Derivatives – fallbacks and basis risk
The main options for transitioning legacy USD LIBOR derivatives remain unchanged - (i) adhere to the ISDA 2020 IBOR Fallbacks Protocol (the Protocol), which enables adhering parties to incorporate robust fallback provisions into their contracts so that, provided both parties have adhered, a market agreed fallback rate will apply automatically after the 30 June USD LIBOR end-date, or (ii) bilaterally agree a fallback rate, either by incorporating the terms of the Protocol or agreeing alternative fallbacks.
The most appropriate and viable option will depend in part on the number of agreements which need to be transitioned, and in part on the replacement rate being used in any underlying cash product.
Treasurers will want to ensure that the fallback rates in the derivative match as closely as possible with the replacement rate in the cash product to avoid any basis risk. Even where both products are transitioning to compounded in arrears SOFR, there is some potential for a mismatch given the different calculation methodologies and conventions used in the different markets.

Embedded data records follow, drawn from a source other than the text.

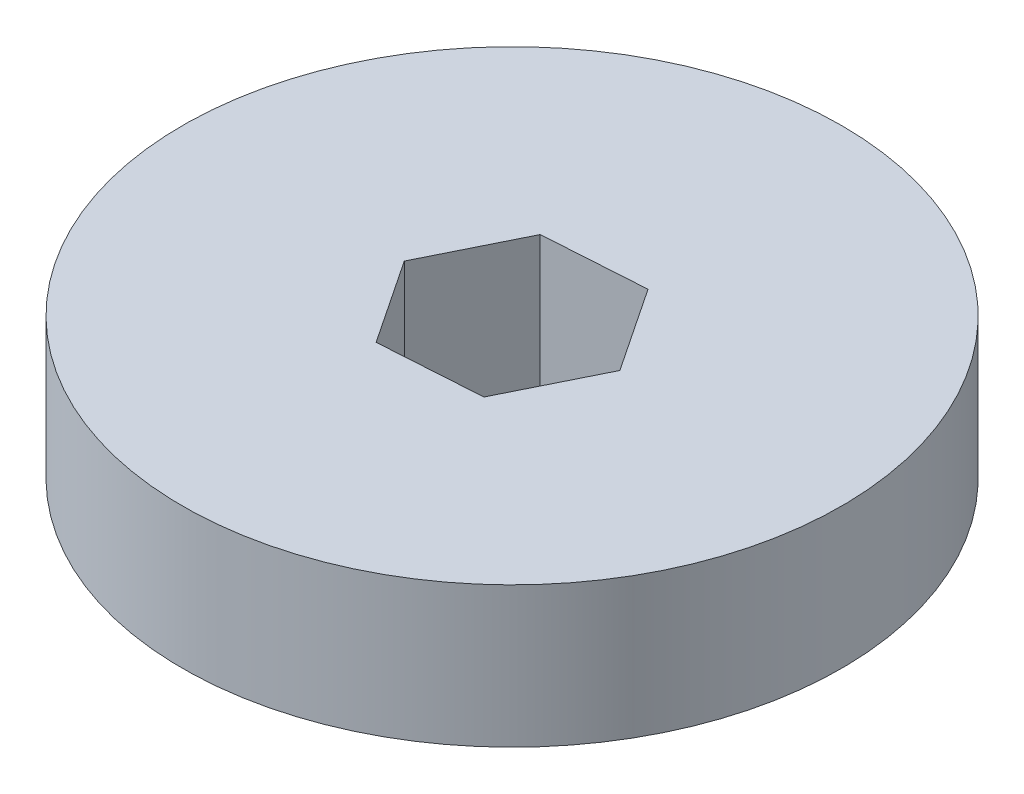
SolidWorks part; units mm, degrees
ref_plane "Front Plane" through (0, 0, 0) normal (0, 0, 1) x (1, 0, 0)
ref_plane "Top Plane" through (0, 0, 0) normal (0, 1, 0) x (1, 0, 0)
ref_plane "Right Plane" through (0, 0, 0) normal (1, 0, 0) x (0, 0, -1)
sketch "Sketch1" plane through (0, 0, 0) normal (0, 1, 0) x (1, 0, 0)
  circle A0 centre (0, 0) radius 30.1625
  dimension "D1" = 60.325
extrude "Boss-Extrude1" add sketch "Sketch1" along normal blind 10.16
sketch "Sketch2" plane through (0, 10.16, 0) normal (0, 1, 0) x (1, 0, 0)
  line L1 (4.0673, -6.1009) -> (7.3171, 0.4719)
  line L2 (7.3171, 0.4719) -> (3.2499, 6.5728)
  line L3 (3.2499, 6.5728) -> (-4.0673, 6.1009)
  line L4 (-4.0673, 6.1009) -> (-7.3171, -0.4719)
  line L5 (-7.3171, -0.4719) -> (-3.2499, -6.5728)
  line L6 (-3.2499, -6.5728) -> (4.0673, -6.1009)
  circle A0 centre (0, 0) radius 6.35 construction
  dimension "D1" = 12.7
extrude "Cut-Extrude1" cut sketch "Sketch2" against normal through all
sketch "Sketch3" plane through (0, 0, 0) normal (0, -1, 0) x (-1, 0, 0)
  circle A0 centre (0, 0) radius 23.8125
  circle A1 centre (0, 0) radius 30.1625 construction
  circle A2 centre (0, 0) radius 30.1625
  dimension "D1" = 6.35
extrude "Cut-Extrude2" cut sketch "Sketch3" against normal through all
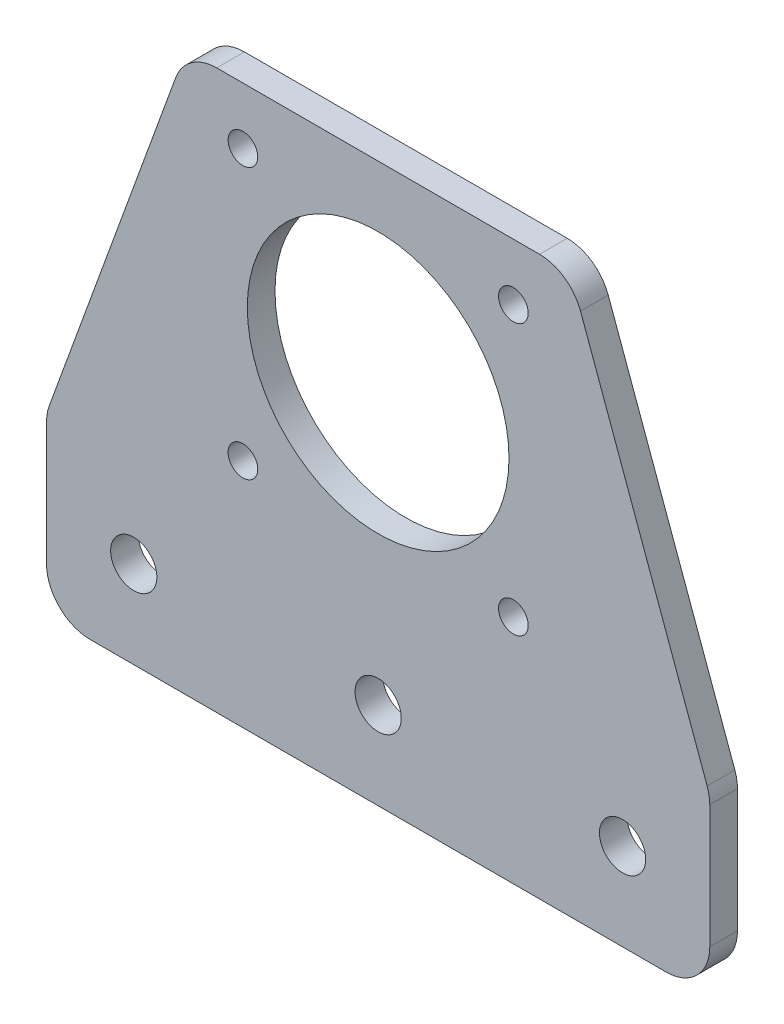
SolidWorks part; units mm, degrees
ref_plane "Front Plane" through (0, 0, 0) normal (0, 0, 1) x (1, 0, 0)
ref_plane "Top Plane" through (0, 0, 0) normal (0, 1, 0) x (1, 0, 0)
ref_plane "Right Plane" through (0, 0, 0) normal (1, 0, 0) x (0, 0, -1)
sketch "Sketch1" plane through (0, 0, 0) normal (0, 0, 1) x (1, 0, 0)
  line L8 (-22, 22) -> (22, 22)
  line L9 (-22, -22) -> (22, -22) construction
  line L10 (-22, -22) -> (-22, 22) construction
  line L11 (-22, 22) -> (22, 22) construction
  line L12 (22, -22) -> (22, 22) construction
  line L13 (-22, -22) -> (22, 22) construction
  line L14 (-22, 22) -> (22, -22) construction
  line L15 (22, 22) -> (38.0147, -22)
  line L16 (38.0147, -22) -> (38.0147, -42)
  line L17 (38.0147, -42) -> (-38.0147, -42)
  line L18 (-38.0147, -42) -> (-38.0147, -22)
  line L19 (-38.0147, -22) -> (-22, 22)
  line L20 (-38.0147, -22) -> (38.0147, -22) construction
  circle A0 centre (0, 0) radius 15
  dimension "D1" = 30
  dimension "D2" = 44
  dimension "D3" = 20
  dimension "D4" = 70
  dimension "D5" = 70
  dimension "D7" = 42
extrude "Boss-Extrude1" add sketch "Sketch1" along normal blind 3.175
sketch "Sketch2" plane through (0, 0, 3.175) normal (0, 0, 1) x (1, 0, 0)
  line L0 (-28.0147, -32) -> (28.0147, -32) construction
  line L1 (-38.0147, -22) -> (-38.0147, -42) construction
  line L3 (-15.5, -15.5) -> (15.5, -15.5) construction
  line L7 (-15.5, -15.5) -> (-15.5, 15.5) construction
  line L9 (-15.5, 15.5) -> (15.5, 15.5) construction
  line L10 (15.5, -15.5) -> (15.5, 15.5) construction
  line L11 (-15.5, -15.5) -> (15.5, 15.5) construction
  line L12 (-15.5, 15.5) -> (15.5, -15.5) construction
  line L13 (0, -42) -> (0, -32) construction
  line L14 (-38.0147, -42) -> (38.0147, -42) construction
  circle A5 centre (15.5, 15.5) radius 1.7
  circle A6 centre (15.5, -15.5) radius 1.7
  circle A7 centre (-15.5, -15.5) radius 1.7
  circle A8 centre (-15.5, 15.5) radius 1.7
  circle A9 centre (0, -32) radius 2.65
  circle A10 centre (28.0147, -32) radius 2.65
  circle A11 centre (-28.0147, -32) radius 2.65
  point P0 (0, 0)
  dimension "D3" = 10
  dimension "D4" = 5.3
  dimension "D1" = 3.4
  dimension "D2" = 31
  dimension "D5" = 10
extrude "Cut-Extrude1" cut sketch "Sketch2" against normal through all
fillet "Fillet1" radius 5 6 edges at (38.0147, -22, 1.5875) (38.0147, -42, 1.5875) (-38.0147, -42, 1.5875) (-22, 22, 1.5875) (22, 22, 1.5875) (-38.0147, -22, 1.5875)
equation "\"D5@Sketch1\"=\"D4@Sketch1\""

Given the limited time available to transition away from USD LIBOR, if the degree of basis risk is unacceptable, the parties may choose to adopt the fallback terms of the Protocol and then later bilaterally negotiate changes to their contracts to achieve greater consistency between the replacement rates and thus reduce basis risk.
The issue of mismatch and basis risk will also be relevant to securitisations where, in addition to operational and procedural considerations, there will be a focus on minimising mismatches between any floating rate notes, interest rate swaps, and the rates applicable to the underlying securitised assets.
Other news - CDOR and EURIBOR
A number of jurisdictions around the world are transitioning domestic IBORs to risk-free rates, following the path trodden by the LIBOR currency jurisdictions. Users should keep developments in relation to all domestic currency benchmarks under review.
Considerable progress has been made in Canada. CDOR, the Canadian Dollar Offered Rate, will cease in June 2024 and is being replaced by CORRA, the Canadian Overnight Repo Rate Average. CORRA compounded in arrears is starting to be used; in February 2023, the LMA published a compounded CORRA schedule to provide loan market participants with a suggested form of drafting for use of compounded in arrears CORRA, which largely follows the form of the other currency schedules already contained in the LMA’s compounded rate recommended form facilities agreements. A Term CORRA rate is also being developed; the use cases include loans and trade finance.
Although there are still no plans to discontinue EURIBOR, the Working Group on Euro Risk-Free Rates remains focussed on the need to implement robust fallback provisions in EURIBOR-referencing products to address any future discontinuation. To this end, it has recently published further guidance on fallbacks for corporate lending products, in which, given a lack of adoption to date in the loan market, it reiterates its May 2021 recommendations on EURIBOR fallback rates and triggers, and provides additional clarity on applicable conventions.
In light of this additional guidance aimed specifically at the loan market, borrowers can expect EURIBOR fallbacks to feature in future discussions on new and refinanced EURIBOR-referencing loans. The LMA’s facility templates include drafting for compounded in arrears €STR which can be used in fallback provisions; Term €STR provisions are anticipated shortly.
 There was no similar debate in the context of GBP LIBOR because, although a term rate is available for SONIA, the UK regulators have consistently ruled out its use in corporate loans.